[WHAT THE TASK ASKS] Output the entries below word for word, stopping once the line containing "[thumbnail: Simulink's stored" is done, and omit each picture.

[Stored data]
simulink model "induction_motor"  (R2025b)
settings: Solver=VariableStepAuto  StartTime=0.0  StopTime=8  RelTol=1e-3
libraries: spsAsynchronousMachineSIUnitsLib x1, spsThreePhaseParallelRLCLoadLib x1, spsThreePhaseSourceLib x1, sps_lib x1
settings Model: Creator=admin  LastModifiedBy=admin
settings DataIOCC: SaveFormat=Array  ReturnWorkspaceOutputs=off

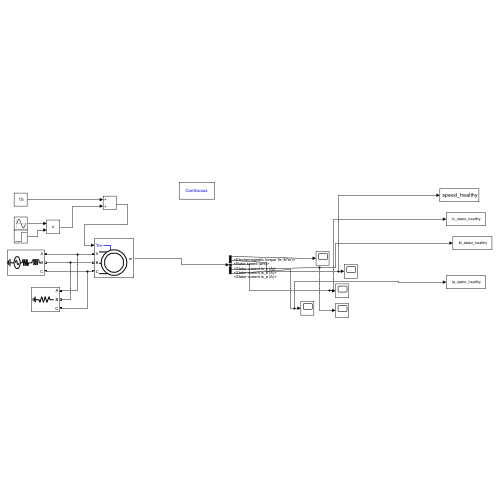
[thumbnail: Simulink's stored preview of the top-level diagram]
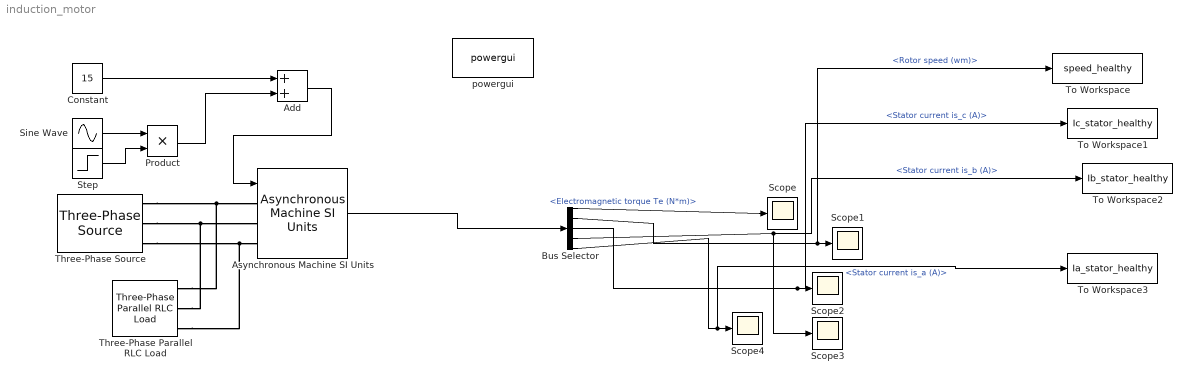
== system induction_motor ==
  Add : Sum
  Asynchronous Machine SI Units : spsAsynchronousMachineSIUnitsLib/Asynchronous Machine SI Units  RotorType=Squirrel-cage  PresetModel=No  MechanicalLoad=Torque Tm  ShowDetailedParameters=on  ReferenceFrame=Rotor  Units=SI  MeasurementBus=off  NominalParameters=[1.845e+04 400 50]  VoltageRatio=1  Stator=[0.5968 0.0003495]  Rotor=[1.2516 0.005473]  Cage1=[0.4155 0.002066]  Cage2=[0.4168 0.0003495]  Lm=0.0354  Mechanical=[0.05 0.005879 2]  PolePairs=2  InitialConditions=[0 0 0 0 0 0 0 0]  SimulateSaturation=off  Saturation=[14.03593122, 27.81365428, 53.79336849, 72.68890987, 97.98006896, 148.6815601, 215.7428561, 302.9841135, 428.7778367 ; 230, 322, 414, 460, 506, 552, 598, 644, 690]  LoadFlowParameters=1492000  TsPowergui=0  TsBlock=-1  IterativeModel=Trapezoidal non iterative  IterativeDiscreteModel=Trapezoidal non iterative  Pmec=1.492e+006
  Bus Selector : BusSelector  OutputSignals=Mechanical.Electromagnetic torque Te (N*m),Mechanical.Rotor speed (wm),Stator measurements.Stator current is_c (A),Stator measurements.Stator current is_b (A),Stator measurements.Stator current is_a (A)
  Constant : Constant  Value=15
  Product : Product
  Scope{,1..4} (5 alike) : Scope
      Scope settings: ActiveDisplayYMinimum=-1  ActiveDisplayYMaximum=1
      Scope1 settings: ActiveDisplayYMinimum=146.44865662959882  ActiveDisplayYMaximum=153.83731537236841
      Scope2 settings: ActiveDisplayYMinimum=-1  ActiveDisplayYMaximum=1  DataLoggingVariableName=ScopeData2
      Scope3 settings: ActiveDisplayYMinimum=-1  ActiveDisplayYMaximum=1  DataLoggingVariableName=ScopeData3
      Scope4 settings: ActiveDisplayYMinimum=-1  ActiveDisplayYMaximum=1  DataLoggingVariableName=ScopeData4
  Sine Wave : Sin  Amplitude=2  Frequency=1.50  SampleTime=0
  Step : Step  Time=2  SampleTime=0
  Three-Phase Parallel RLC Load : spsThreePhaseParallelRLCLoadLib/Three-Phase Parallel RLC Load  LConnTagsString=A|B|C  Configuration=Y (grounded)  NominalVoltage=400  Vabc=[1e3 1e3 1e3]  Vabcp=[1e3 1e3 1e3]  NominalFrequency=50  UnbalancedPower=off  ActivePower=1  InductivePower=0  CapacitivePower=0  Pabc=[10e3 9e3 11e3]  QLabc=[100 90 110]  QCabc=[100 90 110]  Pabcp=[10e3 9e3 11e3]  QLabcp=[100 90 110]  QCabcp=[100 90 110]  Measurements=None  LoadType=constant Z
  Three-Phase Source : spsThreePhaseSourceLib/Three-Phase Source  InternalConnection=Yg  VoltagePhases=off  Voltage=400  PhaseAngle=0  Voltage_phases=[25e3 25e3 25e3]/sqrt(3)  PhaseAngles_phases=[0 -120 +120]  Frequency=50  NonIdealSource=on  SpecifyImpedance=off  Resistance=1  Inductance=16.58e-3  ShortCircuitLevel=100e6  BaseVoltage=25e3  XRratio=7  BusType=swing  Pref=10e3  Qref=0  Prefabc=[10e3, 10e3, 10e3]  Qrefabc=[0, 0, 0]  Qmin=-inf  Qmax=inf
  To Workspace : ToWorkspace  VariableName=speed_healthy  SampleTime=-1
  To Workspace1 : ToWorkspace  VariableName=Ic_stator_healthy  SampleTime=-1
  To Workspace2 : ToWorkspace  VariableName=Ib_stator_healthy  SampleTime=-1
  To Workspace3 : ToWorkspace  VariableName=Ia_stator_healthy  SampleTime=-1
  powergui : sps_lib/powergui  Priority=1  SimulationMode=Continuous  SampleTime=50e-6  frequency=60  Iterations=50  frequencyindice=50  Pbase=100e6  ErrMax=1e-4  UnitsV=kV  UnitsW=MW  buscounter=0  FunctionMessages=off  echomessages=off  EnableUseOfTLC=off  CurrentSourceSwitches=on  DisableSnubberDevices=off  DisableRonSwitches=off  DisableVfSwitches=off  DisplayEquations=off  AutomaticDiscreteSolvers=off  SolverType=Tustin/Backward Euler (TBE)  Interpol=off  ExternalGateDelay=off  methode=off  Ts=100  x0status=blocks  SPID=on  SwTol=0  HookPort=off  NonlinearTolerance=1e-4  nMaxIteration=100  ContinueOnMaxIteration=off  RestoreLinks=warning  ResistiveCurrentMeasurement=off  Frange=[0:2:500]  Ylog=off  Xlog=on  ShowGrid=off  save=off  variable=ZData  structure=0  ZoomFFT=off  StartTime=0.0  cycles=1  DisplayStyle=1  fundamental=60  FreqAxis=off  MaxFrequency=1000  frequencyindicesteady=1  RmsSteady=1  display=off
  wires:
  Asynchronous Machine SI Units/1 -> Bus Selector/1
  Bus Selector/1 -> Scope/1  "<Electromagnetic torque Te (N*m)>"
  Bus Selector/2 -> To Workspace/1, Scope1/1  "<Rotor speed (wm)>"
  Bus Selector/3 -> To Workspace1/1, Scope2/1  "<Stator current is_c (A)>"
  Bus Selector/4 -> To Workspace2/1, Scope3/1  "<Stator current is_b (A)>"
  Bus Selector/5 -> To Workspace3/1, Scope4/1  "<Stator current is_a (A)>"
  Constant/1 -> Add/1
  Add/1 -> Asynchronous Machine SI Units/1
  Sine Wave/1 -> Product/1
  Step/1 -> Product/2
  Product/1 -> Add/2
  connections:
  Three-Phase Source/RConn1 -- Three-Phase Parallel RLC Load/LConn1 -- Asynchronous Machine SI Units/LConn1
  Three-Phase Source/RConn2 -- Three-Phase Parallel RLC Load/LConn2 -- Asynchronous Machine SI Units/LConn2
  Three-Phase Source/RConn3 -- Three-Phase Parallel RLC Load/LConn3 -- Asynchronous Machine SI Units/LConn3

[RESPONSE]
simulink model "induction_motor"  (R2025b)
settings: Solver=VariableStepAuto  StartTime=0.0  StopTime=8  RelTol=1e-3
libraries: spsAsynchronousMachineSIUnitsLib x1, spsThreePhaseParallelRLCLoadLib x1, spsThreePhaseSourceLib x1, sps_lib x1
settings Model: Creator=admin  LastModifiedBy=admin
settings DataIOCC: SaveFormat=Array  ReturnWorkspaceOutputs=off

[thumbnail: Simulink's stored preview of the top-level diagram]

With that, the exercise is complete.